The ability to recognize phonemes, the smallest units of sound in a language that distinguish one word from another, is essential for many natural language processing tasks. In a recent paper, researchers explored the effectiveness of Wav2Vec2, a transformer-based model pre-trained on raw audio data, in recognizing phonemes automatically generated from audio. They added a Connectionist Temporal Classification layer to the pre-trained model for phoneme recognition and evaluated its performance on the BABEL and CommonVoice datasets. The study found that Wav2Vec2 achieved high phoneme recognition performance on both seen and unseen languages and recommended the use of a multilingual pre-trained model for downstream tasks in multiple languages.
Application of Wav2Vec2
A Transformer-based model, called Wav2Vec2 outperforms many of the existing work, particularly in low-resource language. This work explores how well this model behaves for the task of translating from audio to phonemes. Note that a phoneme (/ˈfoʊniːm/) is a unit of sound that can distinguish one word from another in a particular language (Wikipedia). It represents a proper way to pronounce a word.

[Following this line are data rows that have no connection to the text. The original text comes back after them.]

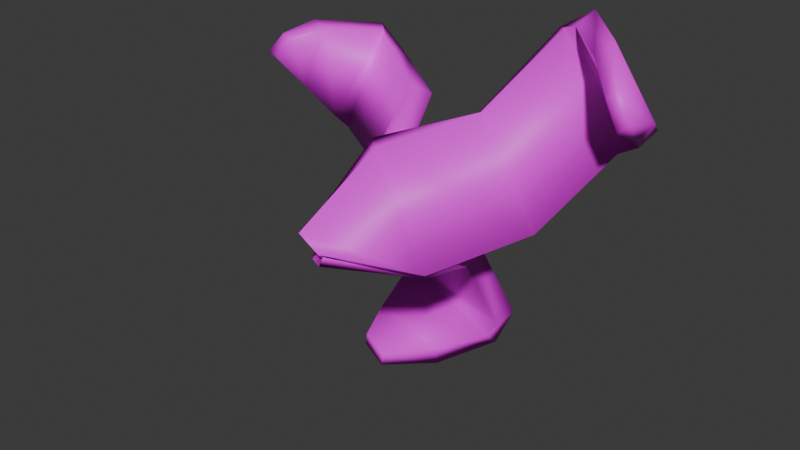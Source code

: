 # Source: Corn_Sprout.blend  (saved by Blender 4.0.36; exported with 4.5.12 LTS)
import bpy
from mathutils import Matrix  # noqa: F401  (used for matrix-valued properties, if any)

bpy.ops.wm.read_factory_settings(use_empty=True)
scene = bpy.context.scene
scene.name = 'Scene'

# ---- collections
col_collection = bpy.data.collections.new('Collection'); scene.collection.children.link(col_collection)

# ---- images (referenced by path relative to the original .blend; pixels are not part of the script)
import os
ASSET_DIR = os.environ.get("B2B_ASSET_DIR", "")  # directory of the original .blend (textures are referenced by path, not embedded)
HERE = os.path.dirname(os.path.abspath(__file__))  # packed textures are extracted next to this script under _unpacked/

def load_image(name, relpath, width, height, colorspace="sRGB"):
    """Load a texture the original file referenced (path relative to the .blend, or extracted next to this script)."""
    p = next((c for c in (os.path.join(HERE, relpath), os.path.join(ASSET_DIR, relpath)) if relpath and os.path.exists(c)), "")
    if p:
        img = bpy.data.images.load(p, check_existing=True)
        img.name = name
    else:  # same state as the original file: an image datablock whose file is absent (Cycles renders it pink)
        img = bpy.data.images.new(name, width, height)
        img.source = "FILE"
        img.filepath = "//" + (relpath or name)
    img.colorspace_settings.name = colorspace
    return img
img_corn_png = load_image('Corn.png', 'Corn.png', 1024, 1024, 'sRGB')
img_corn_png_001 = load_image('Corn.png.001', 'Corn.png', 1024, 1024, 'Non-Color')

# ---- materials (node trees are filled in below, after node groups)
mat_material_001 = bpy.data.materials.new('Material.001')
mat_material_001.surface_render_method = 'BLENDED'
mat_material_001.blend_method = 'BLEND'
mat_material_001.use_transparency_overlap = False
mat_material_001.show_transparent_back = False
mat_material_001.use_transparent_shadow = False
mat_material_001.roughness = 0.5

# ---- material node trees
mat_material_001.use_nodes = True; mat_material_001.node_tree.nodes.clear()
_N = mat_material_001.node_tree.nodes; _L = mat_material_001.node_tree.links
n0 = _N.new('ShaderNodeBsdfPrincipled'); n0.name = 'Principled BSDF'; n0.location = (10, 300)
n0.inputs[3].default_value = 1.45
n1 = _N.new('ShaderNodeOutputMaterial'); n1.name = 'Material Output'; n1.location = (300, 300)
n2 = _N.new('ShaderNodeNormalMap'); n2.name = 'Normal Map'; n2.location = (-300, -300)
n2.label = 'Normal/Map'
n2.inputs[0].default_value = 0.0
n3 = _N.new('ShaderNodeTexImage'); n3.name = 'Image Texture'; n3.location = (-300, 600)
n3.image = img_corn_png
n4 = _N.new('ShaderNodeTexImage'); n4.name = 'Image Texture.001'; n4.location = (-300, 0)
n4.image = img_corn_png_001
_L.new(n0.outputs[0], n1.inputs[0])
_L.new(n2.outputs[0], n0.inputs[5])
_L.new(n3.outputs[0], n0.inputs[0])
_L.new(n4.outputs[1], n0.inputs[4])
n1.is_active_output = True

# ---- world
world_world = bpy.data.worlds.new('World'); scene.world = world_world
world_world.use_nodes = True; world_world.node_tree.nodes.clear()
_N = world_world.node_tree.nodes; _L = world_world.node_tree.links
n0 = _N.new('ShaderNodeOutputWorld'); n0.name = 'World Output'; n0.location = (300, 300)
n1 = _N.new('ShaderNodeBackground'); n1.name = 'Background'; n1.location = (10, 300)
n1.inputs[0].default_value = (0.05088, 0.05088, 0.05088, 1.0)
_L.new(n1.outputs[0], n0.inputs[0])
n0.is_active_output = True
world_world.color = (0.05088, 0.05088, 0.05088)
world_world.use_sun_shadow = False
world_world.sun_shadow_jitter_overblur = 0.0

# ---- meshes
me_cylinder = bpy.data.meshes.new('Cylinder')
me_cylinder.from_pydata([(-1.73, 2.634, -0.7352), (-1.872, 2.355, -1.001), (-1.105, 0.9714, 0.2427), (-1.314, 0.7453, -0.02962), (0.855, 1.093, -0.6152), (0.6652, 0.8668, -0.8975), (-0.2288, -0.7641, -0.1638), (-0.2409, -0.644, -0.02386), (-0.1202, -0.74, -0.2725), (-0.1361, -0.6184, -0.1311), (0.1862, 2.621, -1.615), (0.3087, 2.899, -1.342), (0.4198, 3.836, -3.007), (0.2609, 3.538, -3.237), (-1.753, 3.473, -2.447), (-1.575, 3.77, -2.226), (0.1162, 3.733, -3.749), (0.1123, 3.434, -3.471), (-1.906, 3.633, -2.716), (-1.882, 3.929, -3.0), (-0.6538, 2.889, -4.134), (-0.608, 2.792, -3.74), (-1.916, 2.743, -3.322), (-1.941, 2.839, -3.72), (-1.369, 2.114, -4.081), (-1.31, 2.091, -3.837), (-1.759, 2.143, -3.563), (-1.805, 2.167, -3.81), (1.425, 2.636, -0.5031), (1.697, 2.36, -0.3648), (0.4194, 1.019, -0.778), (0.8097, 0.6626, -0.7135), (-0.6153, 1.077, 1.115), (-0.4268, 0.8815, 1.039), (-0.1147, -0.7633, -0.05398), (-0.1864, -0.6452, -0.1768), (-0.3636, -0.8936, 0.2787), (-0.4331, -0.7741, 0.1525), (0.3713, 2.644, 1.323), (0.112, 2.918, 1.167), (0.9805, 3.878, 2.577), (1.244, 3.583, 2.676), (2.431, 3.498, 0.8675), (2.156, 3.793, 0.7867), (1.658, 3.785, 3.008), (1.502, 3.482, 2.783), (2.711, 3.661, 0.9964), (2.854, 3.961, 1.238), (2.512, 2.943, 2.888), (2.248, 2.84, 2.595), (3.073, 2.78, 1.497), (3.323, 2.881, 1.807), (3.068, 2.163, 2.441), (2.88, 2.138, 2.277), (3.087, 2.184, 1.793), (3.268, 2.211, 1.968), (-0.664, 2.65, 1.399), (-0.9078, 2.375, 1.582), (-0.1244, 1.013, 0.5029), (-0.2809, 0.9595, 0.8843), (-0.6806, 1.061, -0.2916), (-0.9329, 0.8393, -0.05967), (-0.2664, -0.5958, -0.008973), (-0.2085, -0.645, -0.1513), (-0.247, -0.5032, -0.1589), (-0.1039, -0.3828, -0.1655), (-1.821, 2.631, -0.3638), (-1.567, 2.905, -0.5283), (-3.223, 3.856, -0.3969), (-3.429, 3.561, -0.2028), (-2.346, 3.504, 1.671), (-2.153, 3.798, 1.459), (-3.912, 3.762, 0.01531), (-3.639, 3.46, -0.01987), (-2.588, 3.668, 1.861), (-2.871, 3.966, 1.877), (-4.184, 2.927, 0.8416), (-3.802, 2.826, 0.7383), (-3.193, 2.783, 1.969), (-3.582, 2.883, 2.052), (-4.029, 2.157, 1.548), (-3.798, 2.132, 1.453), (-3.459, 2.184, 1.855), (-3.697, 2.211, 1.938)], [], [(2, 4, 11, 0), (8, 6, 3, 5), (6, 7, 2, 3), (7, 9, 4, 2), (9, 8, 5, 4), (10, 1, 14, 13), (3, 2, 0, 1), (4, 5, 10, 11), (5, 3, 1, 10), (1, 0, 15, 14), (0, 11, 12, 15), (14, 15, 19, 18), (11, 10, 13, 12), (13, 14, 18, 17), (15, 12, 16, 19), (12, 13, 17, 16), (17, 18, 22, 21), (19, 16, 20, 23), (16, 17, 21, 20), (18, 19, 23, 22), (20, 21, 25, 24), (22, 23, 27, 26), (21, 22, 26, 25), (23, 20, 24, 27), (27, 24, 25, 26), (30, 32, 39, 28), (36, 34, 31, 33), (34, 35, 30, 31), (35, 37, 32, 30), (37, 36, 33, 32), (38, 29, 42, 41), (31, 30, 28, 29), (32, 33, 38, 39), (33, 31, 29, 38), (29, 28, 43, 42), (28, 39, 40, 43), (42, 43, 47, 46), (39, 38, 41, 40), (41, 42, 46, 45), (43, 40, 44, 47), (40, 41, 45, 44), (45, 46, 50, 49), (47, 44, 48, 51), (44, 45, 49, 48), (46, 47, 51, 50), (48, 49, 53, 52), (50, 51, 55, 54), (49, 50, 54, 53), (51, 48, 52, 55), (55, 52, 53, 54), (58, 60, 67, 56), (64, 62, 59, 61), (62, 63, 58, 59), (63, 65, 60, 58), (65, 64, 61, 60), (66, 57, 70, 69), (59, 58, 56, 57), (60, 61, 66, 67), (61, 59, 57, 66), (57, 56, 71, 70), (56, 67, 68, 71), (70, 71, 75, 74), (67, 66, 69, 68), (69, 70, 74, 73), (71, 68, 72, 75), (68, 69, 73, 72), (73, 74, 78, 77), (75, 72, 76, 79), (72, 73, 77, 76), (74, 75, 79, 78), (76, 77, 81, 80), (78, 79, 83, 82), (77, 78, 82, 81), (79, 76, 80, 83), (83, 80, 81, 82)])
me_cylinder.polygons.foreach_set('use_smooth', [True] * 75)
_uv = me_cylinder.uv_layers.new(name='UVMap')
_uv.uv.foreach_set('vector', [0.1163, 0.9177, 0.08036, 0.9096, 0.08584, 0.8764, 0.1232, 0.8831, 0.06363, 0.8442, 0.05164, 0.8424, 0.0371, 0.8256, 0.07411, 0.8176, 0.2117, 0.7404, 0.2063, 0.7415, 0.1844, 0.7295, 0.1905, 0.728, 0.07456, 0.9129, 0.0771, 0.9251, 0.05684, 0.9399, 0.05684, 0.9015, 0.03616, 0.9173, 0.03065, 0.9184, 0.04255, 0.902, 0.04936, 0.9037, 0.06872, 0.785, 0.03065, 0.7916, 0.03668, 0.7598, 0.07411, 0.7536, 0.1905, 0.728, 0.1844, 0.7295, 0.1714, 0.6969, 0.1782, 0.6961, 0.04936, 0.9037, 0.04255, 0.902, 0.04976, 0.8716, 0.05684, 0.8718, 0.07411, 0.8176, 0.0371, 0.8256, 0.03065, 0.7916, 0.06872, 0.785, 0.1782, 0.6961, 0.1714, 0.6969, 0.1717, 0.6635, 0.1783, 0.6635, 0.1232, 0.8831, 0.08584, 0.8764, 0.08036, 0.844, 0.1168, 0.8504, 0.1783, 0.6635, 0.1717, 0.6635, 0.1779, 0.6505, 0.1789, 0.6578, 0.05684, 0.8718, 0.04976, 0.8716, 0.03624, 0.8516, 0.04299, 0.8517, 0.07411, 0.7536, 0.03668, 0.7598, 0.03464, 0.7542, 0.07182, 0.7519, 0.2608, 0.879, 0.2987, 0.8815, 0.2987, 0.8941, 0.2619, 0.8894, 0.04299, 0.8517, 0.03624, 0.8516, 0.03148, 0.8494, 0.03065, 0.8442, 0.1251, 0.953, 0.1251, 0.9144, 0.1435, 0.9191, 0.1403, 0.9435, 0.2619, 0.8894, 0.2987, 0.8941, 0.2861, 0.9114, 0.2623, 0.9111, 0.02326, 0.8125, 0.02966, 0.8161, 0.02834, 0.8295, 0.02271, 0.8272, 0.1789, 0.6578, 0.1779, 0.6505, 0.2012, 0.6523, 0.1982, 0.659, 0.02271, 0.8272, 0.02834, 0.8295, 0.02966, 0.844, 0.02637, 0.8433, 0.1982, 0.659, 0.2012, 0.6523, 0.2117, 0.6585, 0.2094, 0.6623, 0.1403, 0.9435, 0.1435, 0.9191, 0.1531, 0.9237, 0.1544, 0.9331, 0.2623, 0.9111, 0.2861, 0.9114, 0.2716, 0.9216, 0.2628, 0.919, 0.02482, 0.8515, 0.02637, 0.8433, 0.02966, 0.844, 0.02807, 0.8525, 0.1163, 0.9177, 0.08036, 0.9096, 0.08584, 0.8764, 0.1232, 0.8831, 0.06363, 0.8442, 0.05164, 0.8424, 0.0371, 0.8256, 0.07411, 0.8176, 0.2117, 0.7404, 0.2063, 0.7415, 0.1844, 0.7295, 0.1905, 0.728, 0.07456, 0.9129, 0.0771, 0.9251, 0.05684, 0.9399, 0.05684, 0.9015, 0.03616, 0.9173, 0.03065, 0.9184, 0.04255, 0.902, 0.04936, 0.9037, 0.06872, 0.785, 0.03065, 0.7916, 0.03668, 0.7598, 0.07411, 0.7536, 0.1905, 0.728, 0.1844, 0.7295, 0.1714, 0.6969, 0.1782, 0.6961, 0.04936, 0.9037, 0.04255, 0.902, 0.04976, 0.8716, 0.05684, 0.8718, 0.07411, 0.8176, 0.0371, 0.8256, 0.03065, 0.7916, 0.06872, 0.785, 0.1782, 0.6961, 0.1714, 0.6969, 0.1717, 0.6635, 0.1783, 0.6635, 0.1232, 0.8831, 0.08584, 0.8764, 0.08036, 0.844, 0.1168, 0.8504, 0.1783, 0.6635, 0.1717, 0.6635, 0.1779, 0.6505, 0.1789, 0.6578, 0.05684, 0.8718, 0.04976, 0.8716, 0.03624, 0.8516, 0.04299, 0.8517, 0.07411, 0.7536, 0.03668, 0.7598, 0.03464, 0.7542, 0.07182, 0.7519, 0.2608, 0.879, 0.2987, 0.8815, 0.2987, 0.8941, 0.2619, 0.8894, 0.04299, 0.8517, 0.03624, 0.8516, 0.03148, 0.8494, 0.03065, 0.8442, 0.1251, 0.953, 0.1251, 0.9144, 0.1435, 0.9191, 0.1403, 0.9435, 0.2619, 0.8894, 0.2987, 0.8941, 0.2861, 0.9114, 0.2623, 0.9111, 0.02326, 0.8125, 0.02966, 0.8161, 0.02834, 0.8295, 0.02271, 0.8272, 0.1789, 0.6578, 0.1779, 0.6505, 0.2012, 0.6523, 0.1982, 0.659, 0.02271, 0.8272, 0.02834, 0.8295, 0.02966, 0.844, 0.02637, 0.8433, 0.1982, 0.659, 0.2012, 0.6523, 0.2117, 0.6585, 0.2094, 0.6623, 0.1403, 0.9435, 0.1435, 0.9191, 0.1531, 0.9237, 0.1544, 0.9331, 0.2623, 0.9111, 0.2861, 0.9114, 0.2716, 0.9216, 0.2628, 0.919, 0.02482, 0.8515, 0.02637, 0.8433, 0.02966, 0.844, 0.02807, 0.8525, 0.1163, 0.9177, 0.08036, 0.9096, 0.08584, 0.8764, 0.1232, 0.8831, 0.06363, 0.8442, 0.05164, 0.8424, 0.0371, 0.8256, 0.07411, 0.8176, 0.2117, 0.7404, 0.2063, 0.7415, 0.1844, 0.7295, 0.1905, 0.728, 0.07456, 0.9129, 0.0771, 0.9251, 0.05684, 0.9399, 0.05684, 0.9015, 0.03616, 0.9173, 0.03065, 0.9184, 0.04255, 0.902, 0.04936, 0.9037, 0.06872, 0.785, 0.03065, 0.7916, 0.03668, 0.7598, 0.07411, 0.7536, 0.1905, 0.728, 0.1844, 0.7295, 0.1714, 0.6969, 0.1782, 0.6961, 0.04936, 0.9037, 0.04255, 0.902, 0.04976, 0.8716, 0.05684, 0.8718, 0.07411, 0.8176, 0.0371, 0.8256, 0.03065, 0.7916, 0.06872, 0.785, 0.1782, 0.6961, 0.1714, 0.6969, 0.1717, 0.6635, 0.1783, 0.6635, 0.1232, 0.8831, 0.08584, 0.8764, 0.08036, 0.844, 0.1168, 0.8504, 0.1783, 0.6635, 0.1717, 0.6635, 0.1779, 0.6505, 0.1789, 0.6578, 0.05684, 0.8718, 0.04976, 0.8716, 0.03624, 0.8516, 0.04299, 0.8517, 0.07411, 0.7536, 0.03668, 0.7598, 0.03464, 0.7542, 0.07182, 0.7519, 0.2608, 0.879, 0.2987, 0.8815, 0.2987, 0.8941, 0.2619, 0.8894, 0.04299, 0.8517, 0.03624, 0.8516, 0.03148, 0.8494, 0.03065, 0.8442, 0.1251, 0.953, 0.1251, 0.9144, 0.1435, 0.9191, 0.1403, 0.9435, 0.2619, 0.8894, 0.2987, 0.8941, 0.2861, 0.9114, 0.2623, 0.9111, 0.02326, 0.8125, 0.02966, 0.8161, 0.02834, 0.8295, 0.02271, 0.8272, 0.1789, 0.6578, 0.1779, 0.6505, 0.2012, 0.6523, 0.1982, 0.659, 0.02271, 0.8272, 0.02834, 0.8295, 0.02966, 0.844, 0.02637, 0.8433, 0.1982, 0.659, 0.2012, 0.6523, 0.2117, 0.6585, 0.2094, 0.6623, 0.1403, 0.9435, 0.1435, 0.9191, 0.1531, 0.9237, 0.1544, 0.9331, 0.2623, 0.9111, 0.2861, 0.9114, 0.2716, 0.9216, 0.2628, 0.919, 0.02482, 0.8515, 0.02637, 0.8433, 0.02966, 0.844, 0.02807, 0.8525])
me_cylinder.materials.append(mat_material_001)
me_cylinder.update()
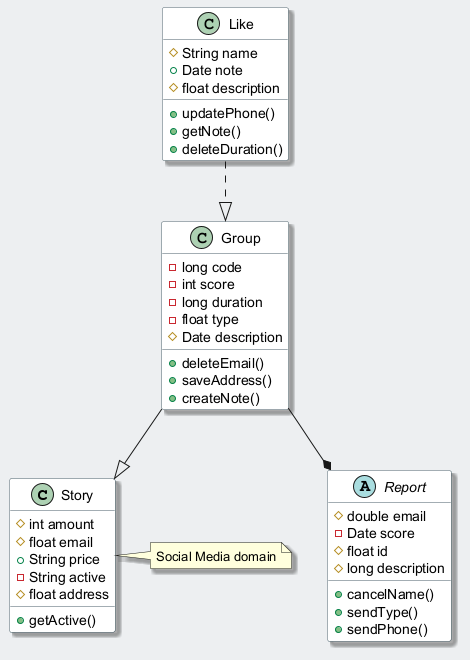

The diagram above was rendered by PlantUML. Its source (embedded in the PNG):
@startuml
skinparam backgroundColor #ECEFF1
skinparam classBackgroundColor #FFFFFF
skinparam classBorderColor #455A64
skinparam shadowing true
class Story {
  #int amount
  #float email
  +String price
  -String active
  #float address
  +getActive()
}
class Like {
  #String name
  +Date note
  #float description
  +updatePhone()
  +getNote()
  +deleteDuration()
}
class Group {
  -long code
  -int score
  -long duration
  -float type
  #Date description
  +deleteEmail()
  +saveAddress()
  +createNote()
}
abstract class Report {
  #double email
  -Date score
  #float id
  #long description
  +cancelName()
  +sendType()
  +sendPhone()
}
Group --|> Story
Like ..|> Group
Group --* Report
note right of Story : Social Media domain
@enduml

Briefly, how Wav2Vec2 works is that it pretrains using only raw audio via self-supervision. No preprocessing or label data is needed.
It maps every 25ms of audio strided by 20ms into a latent speech representation \(z_t\)
For each time step, \(z_t\) goes into the Transformer model and produces the contextual representation \(c_t\) (like a regular Transformer, which also utilizes \(z\) at other time steps).
\(z_t\) is also discretized into \(q_t\). In other words, It gets converted into a label integer.
The model learns to determine which \(q_i\) corresponds with \(c_t\).
After pretraining the Wav2Vec2, a Connectionist Temporal Classification (CTC) layer is added on top of the transformer model so that it can predict the phoneme for each timestep. Note that for this step, the model no longer learns to find the corresponding \(q_i\) and \(c_t\). It focuses only on getting the right phoneme prediction.
Dataset and Setup
The dataset used for this work is BABEL and CommonVoice. These datasets, however, do not contain any label data for phonemes. Instead, separate tools are used to automatically generate those labels, i.e., ESpeak or Phonetisaurus. Note that only one tool should be used for consistent labeling.
For each column language, (for example de), each model is trained on all languages besides de and is tested on that language. The performance of this zero-shot is quite astounding.
Effect of Pretraining
Zero-Shot performance of different pre-trained models.
XLSR-53 is a multilingual pretrained model (the one we have been discussing so far). w2v LV-60K is the same model architecture but it's pretrained on English + language specified by each row. No pretrained refers to the original model that pretrained only using the English language. The score is phoneme error rate (PER), the lower the better.
Having no pretrained achieves the worst performance. We simply can't rely only on English speech and accent. It's not enough. At least, pretrained on the target language. It shows substantial improvements over the non-pretrained one. As for XLSR-53, it even shows improvements further. Hence, why not just pretrained once on all languages, and just use that. Then, it makes downstream tasks a lot easier.
Wav2Vec2 is trained on CommonVoice and BABEL dataset using ESpeak / Phonetisaurus to create phoneme labels automatically.
It can deliver substantially high performance on phoneme recognition tasks for both seen and unseen languages.
Use a multilingual pretrained model if possible, particularly if the downstream tasks are on multiple unseen languages.
- Xu, Qiantong, Alexei Baevski, and Michael Auli. "Simple and Effective Zero-shot Cross-lingual Phoneme Recognition." arXiv e-prints (2021): arXiv-2109.